A perfusion phantom for ASL MRI based on impinging jets.

Abstract

We present a novel perfusion phantom for validation of arterial spin labeled (ASL) perfusion MRI methods and protocols. Impinging jets, driven by a peristaltic pump, were used to achieve perfusion-like mixing of magnetically labeled inflowing fluid within a perfusion compartment. The phantom was validated by varying pump rates and obtaining ASL-MRI data at multiple postlabeling delays using a pseudo-continuous ASL sequence with a 3D stack-of-spirals readout. An additional data set was acquired using a pseudo-continuous ASL sequence with a 2D EPI readout. Phantom sensitivity to pseudo-continuous ASL labeling efficiency was also tested. Fluid dynamics simulations predicted that maximum mixing would occur near the central axis of the perfusion compartment. Experimentally observed signal changes within this region were reproducible and well fit by the standard Buxton general kinetic model.
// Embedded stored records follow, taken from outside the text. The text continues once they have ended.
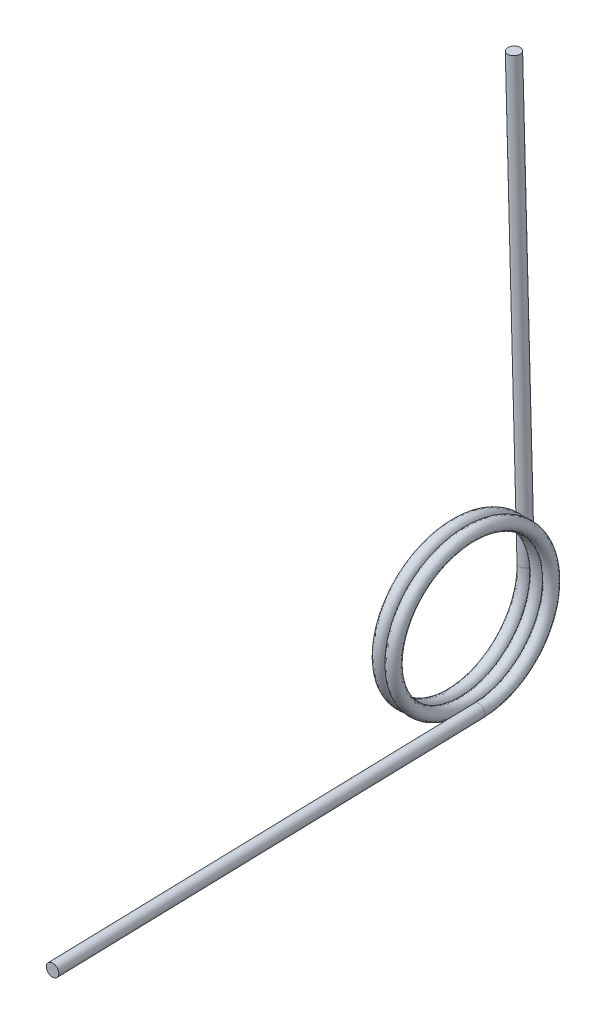
ISO-10303-21;
HEADER;
FILE_DESCRIPTION(('STEP AP214'),'2;1');
FILE_NAME('part.step','',(''),(''),'','','');
FILE_SCHEMA(('AUTOMOTIVE_DESIGN { 1 0 10303 214 1 1 1 1 }'));
ENDSEC;
DATA;
#1=APPLICATION_CONTEXT('core data for automotive mechanical design processes');
#2=APPLICATION_PROTOCOL_DEFINITION('international standard','automotive_design',2000,#1);
#3=PRODUCT_CONTEXT('',#1,'mechanical');
#4=PRODUCT('Part','Part','',(#3));
#5=PRODUCT_RELATED_PRODUCT_CATEGORY('part','',(#4));
#6=PRODUCT_DEFINITION_FORMATION('','',#4);
#7=PRODUCT_DEFINITION_CONTEXT('part definition',#1,'design');
#8=PRODUCT_DEFINITION('design','',#6,#7);
#9=PRODUCT_DEFINITION_SHAPE('','',#8);
#10=(LENGTH_UNIT() NAMED_UNIT(*) SI_UNIT(.MILLI.,.METRE.));
#11=(NAMED_UNIT(*) PLANE_ANGLE_UNIT() SI_UNIT($,.RADIAN.));
#12=(NAMED_UNIT(*) SI_UNIT($,.STERADIAN.) SOLID_ANGLE_UNIT());
#13=UNCERTAINTY_MEASURE_WITH_UNIT(LENGTH_MEASURE(1.E-05),#10,'distance_accuracy_value','');
#14=(GEOMETRIC_REPRESENTATION_CONTEXT(3) GLOBAL_UNCERTAINTY_ASSIGNED_CONTEXT((#13)) GLOBAL_UNIT_ASSIGNED_CONTEXT((#10,
#11,#12)) REPRESENTATION_CONTEXT('',''));
#15=CARTESIAN_POINT('',(0.,0.,0.));
#16=DIRECTION('',(0.,0.,1.));
#17=DIRECTION('',(1.,0.,0.));
#18=AXIS2_PLACEMENT_3D('',#15,#16,#17);
#19=CARTESIAN_POINT('',(-0.35547277961464,-4.3815,0.00951120145095867));
#20=CARTESIAN_POINT('',(-0.416856112947973,-4.38699129471803,-2.52014900300339));
#21=CARTESIAN_POINT('',(-0.478239446281306,-2.19898694207704,-3.78973470595604));
#22=CARTESIAN_POINT('',(-0.53962277961464,-0.0109825894360558,-5.05932040890869));
#23=CARTESIAN_POINT('',(-0.601006112947973,2.18251305792296,-3.799245907407));
#24=CARTESIAN_POINT('',(-0.662389446281306,4.37600870528197,-2.53917140590531));
#25=CARTESIAN_POINT('',(-0.723772779614639,4.3815,-0.0095112014509592));
#26=CARTESIAN_POINT('',(-0.785156112947972,4.38699129471803,2.52014900300339));
#27=CARTESIAN_POINT('',(-0.846539446281306,2.19898694207704,3.78973470595604));
#28=CARTESIAN_POINT('',(-0.907922779614639,0.0109825894360564,5.05932040890869));
#29=CARTESIAN_POINT('',(-0.969306112947972,-2.18251305792296,3.799245907407));
#30=CARTESIAN_POINT('',(-1.0306894462813,-4.37600870528197,2.53917140590531));
#31=CARTESIAN_POINT('',(-1.09207277961464,-4.3815,0.00951120145095867));
#32=CARTESIAN_POINT('',(-1.15345611294797,-4.38699129471803,-2.52014900300339));
#33=CARTESIAN_POINT('',(-1.2148394462813,-2.19898694207704,-3.78973470595604));
#34=CARTESIAN_POINT('',(-1.27622277961464,-0.0109825894360558,-5.05932040890869));
#35=CARTESIAN_POINT('',(-1.33760611294797,2.18251305792296,-3.799245907407));
#36=CARTESIAN_POINT('',(-1.3989894462813,4.37600870528197,-2.53917140590531));
#37=CARTESIAN_POINT('',(-1.46037277961464,4.3815,-0.0095112014509592));
#38=CARTESIAN_POINT('',(-1.52175611294797,4.38699129471803,2.52014900300339));
#39=CARTESIAN_POINT('',(-1.5831394462813,2.19898694207704,3.78973470595604));
#40=CARTESIAN_POINT('',(-1.64452277961464,0.0109825894360564,5.05932040890869));
#41=CARTESIAN_POINT('',(-1.70590611294797,-2.18251305792296,3.799245907407));
#42=CARTESIAN_POINT('',(-1.7672894462813,-4.37600870528197,2.53917140590531));
#43=CARTESIAN_POINT('',(-1.82867277961464,-4.3815,0.00951120145095867));
#44=CARTESIAN_POINT('',(-1.89005611294797,-4.38699129471803,-2.52014900300339));
#45=CARTESIAN_POINT('',(-1.9514394462813,-2.19898694207704,-3.78973470595604));
#46=CARTESIAN_POINT('',(-2.01282277961464,-0.0109825894360558,-5.05932040890869));
#47=CARTESIAN_POINT('',(-2.07420611294797,2.18251305792296,-3.799245907407));
#48=CARTESIAN_POINT('',(-2.1355894462813,4.37600870528197,-2.53917140590531));
#49=CARTESIAN_POINT('',(-2.19697277961464,4.3815,-0.0095112014509592));
#50=CARTESIAN_POINT('',(-2.25835611294797,4.38699129471803,2.52014900300339));
#51=CARTESIAN_POINT('',(-2.3197394462813,2.19898694207704,3.78973470595604));
#52=CARTESIAN_POINT('',(-2.38112277961464,0.0109825894360564,5.05932040890869));
#53=CARTESIAN_POINT('',(-2.44250611294797,-2.18251305792296,3.799245907407));
#54=CARTESIAN_POINT('',(-2.5038894462813,-4.37600870528197,2.53917140590531));
#55=CARTESIAN_POINT('',(-2.56527277961463,-4.3815,0.00951120145095867));
#56=CARTESIAN_POINT('',(-0.35547277961464,-3.6703,0.00951120145096624));
#57=CARTESIAN_POINT('',(-0.416856112947973,-3.67579129471803,-2.10953749155572));
#58=CARTESIAN_POINT('',(-0.478239446281306,-1.84338694207705,-3.17381743878454));
#59=CARTESIAN_POINT('',(-0.539622779614639,-0.0109825894360645,-4.23809738601337));
#60=CARTESIAN_POINT('',(-0.601006112947973,1.82691305792295,-3.18332864023551));
#61=CARTESIAN_POINT('',(-0.662389446281306,3.66480870528197,-2.12855989445765));
#62=CARTESIAN_POINT('',(-0.723772779614639,3.6703,-0.00951120145096669));
#63=CARTESIAN_POINT('',(-0.785156112947972,3.67579129471804,2.10953749155572));
#64=CARTESIAN_POINT('',(-0.846539446281305,1.84338694207705,3.17381743878454));
#65=CARTESIAN_POINT('',(-0.907922779614639,0.010982589436065,4.23809738601337));
#66=CARTESIAN_POINT('',(-0.969306112947972,-1.82691305792295,3.18332864023551));
#67=CARTESIAN_POINT('',(-1.0306894462813,-3.66480870528197,2.12855989445765));
#68=CARTESIAN_POINT('',(-1.09207277961464,-3.6703,0.00951120145096624));
#69=CARTESIAN_POINT('',(-1.15345611294797,-3.67579129471803,-2.10953749155572));
#70=CARTESIAN_POINT('',(-1.2148394462813,-1.84338694207705,-3.17381743878454));
#71=CARTESIAN_POINT('',(-1.27622277961464,-0.0109825894360645,-4.23809738601337));
#72=CARTESIAN_POINT('',(-1.33760611294797,1.82691305792295,-3.18332864023551));
#73=CARTESIAN_POINT('',(-1.3989894462813,3.66480870528197,-2.12855989445765));
#74=CARTESIAN_POINT('',(-1.46037277961464,3.6703,-0.00951120145096669));
#75=CARTESIAN_POINT('',(-1.52175611294797,3.67579129471804,2.10953749155572));
#76=CARTESIAN_POINT('',(-1.5831394462813,1.84338694207705,3.17381743878454));
#77=CARTESIAN_POINT('',(-1.64452277961464,0.010982589436065,4.23809738601337));
#78=CARTESIAN_POINT('',(-1.70590611294797,-1.82691305792295,3.18332864023551));
#79=CARTESIAN_POINT('',(-1.7672894462813,-3.66480870528197,2.12855989445765));
#80=CARTESIAN_POINT('',(-1.82867277961464,-3.6703,0.00951120145096624));
#81=CARTESIAN_POINT('',(-1.89005611294797,-3.67579129471803,-2.10953749155572));
#82=CARTESIAN_POINT('',(-1.9514394462813,-1.84338694207705,-3.17381743878454));
#83=CARTESIAN_POINT('',(-2.01282277961464,-0.0109825894360645,-4.23809738601337));
#84=CARTESIAN_POINT('',(-2.07420611294797,1.82691305792295,-3.18332864023551));
#85=CARTESIAN_POINT('',(-2.1355894462813,3.66480870528197,-2.12855989445765));
#86=CARTESIAN_POINT('',(-2.19697277961464,3.6703,-0.00951120145096669));
#87=CARTESIAN_POINT('',(-2.25835611294797,3.67579129471804,2.10953749155572));
#88=CARTESIAN_POINT('',(-2.3197394462813,1.84338694207705,3.17381743878454));
#89=CARTESIAN_POINT('',(-2.38112277961464,0.010982589436065,4.23809738601337));
#90=CARTESIAN_POINT('',(-2.44250611294797,-1.82691305792295,3.18332864023551));
#91=CARTESIAN_POINT('',(-2.5038894462813,-3.66480870528197,2.12855989445765));
#92=CARTESIAN_POINT('',(-2.56527277961463,-3.6703,0.00951120145096624));
#93=CARTESIAN_POINT('',(0.35547277961464,-3.6703,-0.00951120145104288));
#94=CARTESIAN_POINT('',(0.294089446281307,-3.66480870528193,-2.12855989445773));
#95=CARTESIAN_POINT('',(0.232706112947974,-1.82691305792289,-3.18332864023555));
#96=CARTESIAN_POINT('',(0.171322779614641,0.0109825894361525,-4.23809738601337));
#97=CARTESIAN_POINT('',(0.109939446281307,1.84338694207711,-3.17381743878451));
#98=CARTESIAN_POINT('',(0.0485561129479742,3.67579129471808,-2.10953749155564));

Simulations and experimental data showed no label outflow from the perfusion chamber and calculated perfusion rates, averaged over the entire phantom volume, agreed with the expected volumetric flow rates provided by the flow pump. Phantom sensitivity to pseudo-continuous ASL labeling parameters was also demonstrated. Perfusion-like signal can be simulated using impinging jets to create a well-mixed compartment. Observed perfusion and transit time values were reproducible and within the physiological range for brain perfusion. This phantom design has a broad range of potential applications in both basic and clinical research involving ASL MRI.